Task objective: Start the output with the opening line of the listing below and continue, reproducing each line exactly, up to and including the line that contains "#22=AXIS2_PLACEMENT_3D('',#19,#20,#21);".

Supplied records:
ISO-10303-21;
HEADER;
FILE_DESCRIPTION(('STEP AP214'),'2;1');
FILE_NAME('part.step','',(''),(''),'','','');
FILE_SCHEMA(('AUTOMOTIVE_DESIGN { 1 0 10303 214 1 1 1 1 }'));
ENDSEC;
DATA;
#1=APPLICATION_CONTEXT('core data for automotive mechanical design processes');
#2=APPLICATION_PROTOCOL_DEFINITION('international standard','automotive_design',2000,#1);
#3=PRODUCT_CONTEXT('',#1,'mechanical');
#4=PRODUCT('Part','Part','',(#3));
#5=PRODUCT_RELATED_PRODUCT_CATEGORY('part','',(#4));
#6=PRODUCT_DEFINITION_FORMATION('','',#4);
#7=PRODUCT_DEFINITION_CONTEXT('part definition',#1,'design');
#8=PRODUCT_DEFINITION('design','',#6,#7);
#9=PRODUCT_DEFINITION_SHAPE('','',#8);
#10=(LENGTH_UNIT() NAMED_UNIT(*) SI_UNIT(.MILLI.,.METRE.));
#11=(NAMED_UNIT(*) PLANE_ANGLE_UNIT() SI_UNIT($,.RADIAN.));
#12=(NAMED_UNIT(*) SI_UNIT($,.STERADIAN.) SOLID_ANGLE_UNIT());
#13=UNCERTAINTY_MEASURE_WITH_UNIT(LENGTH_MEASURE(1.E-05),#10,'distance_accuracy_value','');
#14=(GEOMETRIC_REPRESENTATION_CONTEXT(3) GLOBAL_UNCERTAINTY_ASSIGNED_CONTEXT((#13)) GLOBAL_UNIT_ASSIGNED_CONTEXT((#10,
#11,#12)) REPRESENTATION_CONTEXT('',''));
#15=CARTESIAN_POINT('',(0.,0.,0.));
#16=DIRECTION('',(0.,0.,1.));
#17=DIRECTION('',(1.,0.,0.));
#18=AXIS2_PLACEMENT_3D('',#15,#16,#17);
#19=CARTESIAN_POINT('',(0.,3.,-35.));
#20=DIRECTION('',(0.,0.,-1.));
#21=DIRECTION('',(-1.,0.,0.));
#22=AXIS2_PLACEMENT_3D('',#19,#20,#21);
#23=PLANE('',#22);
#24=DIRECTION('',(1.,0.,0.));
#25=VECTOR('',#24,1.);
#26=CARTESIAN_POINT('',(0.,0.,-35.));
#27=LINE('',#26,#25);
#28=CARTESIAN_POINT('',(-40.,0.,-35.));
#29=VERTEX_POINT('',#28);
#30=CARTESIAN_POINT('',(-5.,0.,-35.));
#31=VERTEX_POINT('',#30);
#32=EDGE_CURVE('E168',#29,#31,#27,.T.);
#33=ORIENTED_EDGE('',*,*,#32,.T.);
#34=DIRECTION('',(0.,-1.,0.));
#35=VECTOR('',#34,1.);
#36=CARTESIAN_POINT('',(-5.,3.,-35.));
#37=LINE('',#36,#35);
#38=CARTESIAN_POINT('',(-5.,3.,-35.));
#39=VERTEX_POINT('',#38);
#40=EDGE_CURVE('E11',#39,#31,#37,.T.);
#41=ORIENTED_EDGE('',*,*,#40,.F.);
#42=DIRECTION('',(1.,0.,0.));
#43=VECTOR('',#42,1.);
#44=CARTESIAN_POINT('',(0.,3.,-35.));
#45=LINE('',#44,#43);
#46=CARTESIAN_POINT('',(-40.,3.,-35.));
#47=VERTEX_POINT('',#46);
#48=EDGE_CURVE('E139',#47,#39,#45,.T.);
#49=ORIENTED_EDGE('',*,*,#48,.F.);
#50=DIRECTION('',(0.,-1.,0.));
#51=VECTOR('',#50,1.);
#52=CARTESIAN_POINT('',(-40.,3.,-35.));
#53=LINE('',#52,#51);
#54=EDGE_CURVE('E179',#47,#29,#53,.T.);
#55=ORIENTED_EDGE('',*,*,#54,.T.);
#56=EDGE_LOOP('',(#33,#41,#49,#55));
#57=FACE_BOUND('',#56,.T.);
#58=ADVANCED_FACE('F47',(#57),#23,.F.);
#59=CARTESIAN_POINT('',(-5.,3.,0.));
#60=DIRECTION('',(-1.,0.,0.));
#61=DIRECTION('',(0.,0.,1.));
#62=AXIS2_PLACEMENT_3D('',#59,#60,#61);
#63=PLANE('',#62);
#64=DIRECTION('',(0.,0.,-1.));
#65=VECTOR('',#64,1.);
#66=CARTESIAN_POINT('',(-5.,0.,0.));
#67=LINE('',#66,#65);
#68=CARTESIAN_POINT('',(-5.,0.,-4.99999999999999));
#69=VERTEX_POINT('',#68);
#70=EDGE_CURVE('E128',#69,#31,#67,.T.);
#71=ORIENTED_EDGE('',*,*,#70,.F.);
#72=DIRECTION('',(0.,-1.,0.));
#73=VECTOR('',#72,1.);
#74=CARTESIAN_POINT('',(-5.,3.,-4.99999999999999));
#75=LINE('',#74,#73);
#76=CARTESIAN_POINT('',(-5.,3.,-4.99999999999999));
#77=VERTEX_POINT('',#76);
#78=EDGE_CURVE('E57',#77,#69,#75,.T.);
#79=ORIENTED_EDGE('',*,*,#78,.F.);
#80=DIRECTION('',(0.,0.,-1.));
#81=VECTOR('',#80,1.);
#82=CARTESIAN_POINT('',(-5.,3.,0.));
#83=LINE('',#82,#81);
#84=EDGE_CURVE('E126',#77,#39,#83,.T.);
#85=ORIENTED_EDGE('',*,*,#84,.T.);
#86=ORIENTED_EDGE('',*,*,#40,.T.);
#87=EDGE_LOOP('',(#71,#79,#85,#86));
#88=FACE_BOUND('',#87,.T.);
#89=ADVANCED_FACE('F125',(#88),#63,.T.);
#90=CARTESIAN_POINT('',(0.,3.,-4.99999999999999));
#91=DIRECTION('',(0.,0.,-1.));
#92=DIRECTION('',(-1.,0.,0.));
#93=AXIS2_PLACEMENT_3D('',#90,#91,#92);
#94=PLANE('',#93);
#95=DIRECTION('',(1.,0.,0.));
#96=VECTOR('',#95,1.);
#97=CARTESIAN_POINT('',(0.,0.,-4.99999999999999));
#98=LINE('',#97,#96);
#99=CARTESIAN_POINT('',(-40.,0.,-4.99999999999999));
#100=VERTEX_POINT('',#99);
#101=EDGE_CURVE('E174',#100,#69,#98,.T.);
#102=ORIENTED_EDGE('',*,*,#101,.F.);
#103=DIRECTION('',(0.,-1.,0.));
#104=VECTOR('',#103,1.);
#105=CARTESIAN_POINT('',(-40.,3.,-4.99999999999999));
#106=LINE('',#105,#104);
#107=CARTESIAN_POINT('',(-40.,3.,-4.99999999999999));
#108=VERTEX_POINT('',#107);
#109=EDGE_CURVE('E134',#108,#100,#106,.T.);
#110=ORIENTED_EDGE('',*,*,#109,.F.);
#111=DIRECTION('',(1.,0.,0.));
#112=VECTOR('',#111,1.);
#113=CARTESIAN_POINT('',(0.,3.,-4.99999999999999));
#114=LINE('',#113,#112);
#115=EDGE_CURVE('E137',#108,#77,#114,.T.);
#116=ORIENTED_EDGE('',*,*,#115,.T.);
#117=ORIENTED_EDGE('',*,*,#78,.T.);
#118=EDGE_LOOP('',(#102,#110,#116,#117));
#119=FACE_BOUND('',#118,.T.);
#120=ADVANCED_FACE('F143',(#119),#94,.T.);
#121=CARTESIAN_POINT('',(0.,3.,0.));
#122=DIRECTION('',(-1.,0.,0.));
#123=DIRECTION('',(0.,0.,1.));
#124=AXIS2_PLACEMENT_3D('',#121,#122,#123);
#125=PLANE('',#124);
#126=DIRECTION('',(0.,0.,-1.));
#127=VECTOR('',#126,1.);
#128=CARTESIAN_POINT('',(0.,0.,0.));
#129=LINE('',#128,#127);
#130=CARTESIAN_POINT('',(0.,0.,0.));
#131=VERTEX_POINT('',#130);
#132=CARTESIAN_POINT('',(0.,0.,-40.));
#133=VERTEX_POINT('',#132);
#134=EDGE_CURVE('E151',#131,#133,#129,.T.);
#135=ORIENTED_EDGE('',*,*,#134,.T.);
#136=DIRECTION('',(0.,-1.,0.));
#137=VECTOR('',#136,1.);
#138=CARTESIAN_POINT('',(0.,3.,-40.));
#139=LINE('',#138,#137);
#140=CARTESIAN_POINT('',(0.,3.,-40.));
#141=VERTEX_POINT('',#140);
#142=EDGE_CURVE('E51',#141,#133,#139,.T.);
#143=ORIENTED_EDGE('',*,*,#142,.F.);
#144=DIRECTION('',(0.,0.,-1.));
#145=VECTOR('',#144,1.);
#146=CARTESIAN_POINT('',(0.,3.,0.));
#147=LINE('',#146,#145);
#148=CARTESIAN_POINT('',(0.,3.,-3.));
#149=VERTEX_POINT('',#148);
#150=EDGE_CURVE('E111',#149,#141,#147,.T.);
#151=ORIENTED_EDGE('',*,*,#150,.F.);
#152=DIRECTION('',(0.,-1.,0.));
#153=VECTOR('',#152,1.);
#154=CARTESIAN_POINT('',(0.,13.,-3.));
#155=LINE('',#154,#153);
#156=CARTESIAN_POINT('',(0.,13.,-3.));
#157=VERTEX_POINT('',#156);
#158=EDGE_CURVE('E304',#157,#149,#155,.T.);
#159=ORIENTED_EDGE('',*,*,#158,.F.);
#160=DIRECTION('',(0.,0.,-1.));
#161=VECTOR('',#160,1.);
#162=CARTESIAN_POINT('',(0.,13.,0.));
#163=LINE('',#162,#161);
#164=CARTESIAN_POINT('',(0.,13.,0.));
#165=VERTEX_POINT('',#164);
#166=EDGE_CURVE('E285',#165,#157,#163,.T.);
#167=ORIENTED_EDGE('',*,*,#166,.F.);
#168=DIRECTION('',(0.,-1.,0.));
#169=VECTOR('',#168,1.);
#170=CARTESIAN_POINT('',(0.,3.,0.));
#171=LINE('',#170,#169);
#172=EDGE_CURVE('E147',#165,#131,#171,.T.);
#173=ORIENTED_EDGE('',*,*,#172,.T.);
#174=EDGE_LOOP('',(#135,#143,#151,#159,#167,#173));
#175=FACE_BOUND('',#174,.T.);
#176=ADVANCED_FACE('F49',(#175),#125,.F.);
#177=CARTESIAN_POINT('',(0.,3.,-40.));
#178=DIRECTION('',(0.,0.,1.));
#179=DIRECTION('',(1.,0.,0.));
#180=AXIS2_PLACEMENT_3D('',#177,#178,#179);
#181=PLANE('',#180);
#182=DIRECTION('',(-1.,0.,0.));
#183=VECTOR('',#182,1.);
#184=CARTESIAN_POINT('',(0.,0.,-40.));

Exercise solution:
ISO-10303-21;
HEADER;
FILE_DESCRIPTION(('STEP AP214'),'2;1');
FILE_NAME('part.step','',(''),(''),'','','');
FILE_SCHEMA(('AUTOMOTIVE_DESIGN { 1 0 10303 214 1 1 1 1 }'));
ENDSEC;
DATA;
#1=APPLICATION_CONTEXT('core data for automotive mechanical design processes');
#2=APPLICATION_PROTOCOL_DEFINITION('international standard','automotive_design',2000,#1);
#3=PRODUCT_CONTEXT('',#1,'mechanical');
#4=PRODUCT('Part','Part','',(#3));
#5=PRODUCT_RELATED_PRODUCT_CATEGORY('part','',(#4));
#6=PRODUCT_DEFINITION_FORMATION('','',#4);
#7=PRODUCT_DEFINITION_CONTEXT('part definition',#1,'design');
#8=PRODUCT_DEFINITION('design','',#6,#7);
#9=PRODUCT_DEFINITION_SHAPE('','',#8);
#10=(LENGTH_UNIT() NAMED_UNIT(*) SI_UNIT(.MILLI.,.METRE.));
#11=(NAMED_UNIT(*) PLANE_ANGLE_UNIT() SI_UNIT($,.RADIAN.));
#12=(NAMED_UNIT(*) SI_UNIT($,.STERADIAN.) SOLID_ANGLE_UNIT());
#13=UNCERTAINTY_MEASURE_WITH_UNIT(LENGTH_MEASURE(1.E-05),#10,'distance_accuracy_value','');
#14=(GEOMETRIC_REPRESENTATION_CONTEXT(3) GLOBAL_UNCERTAINTY_ASSIGNED_CONTEXT((#13)) GLOBAL_UNIT_ASSIGNED_CONTEXT((#10,
#11,#12)) REPRESENTATION_CONTEXT('',''));
#15=CARTESIAN_POINT('',(0.,0.,0.));
#16=DIRECTION('',(0.,0.,1.));
#17=DIRECTION('',(1.,0.,0.));
#18=AXIS2_PLACEMENT_3D('',#15,#16,#17);
#19=CARTESIAN_POINT('',(0.,3.,-35.));
#20=DIRECTION('',(0.,0.,-1.));
#21=DIRECTION('',(-1.,0.,0.));
#22=AXIS2_PLACEMENT_3D('',#19,#20,#21);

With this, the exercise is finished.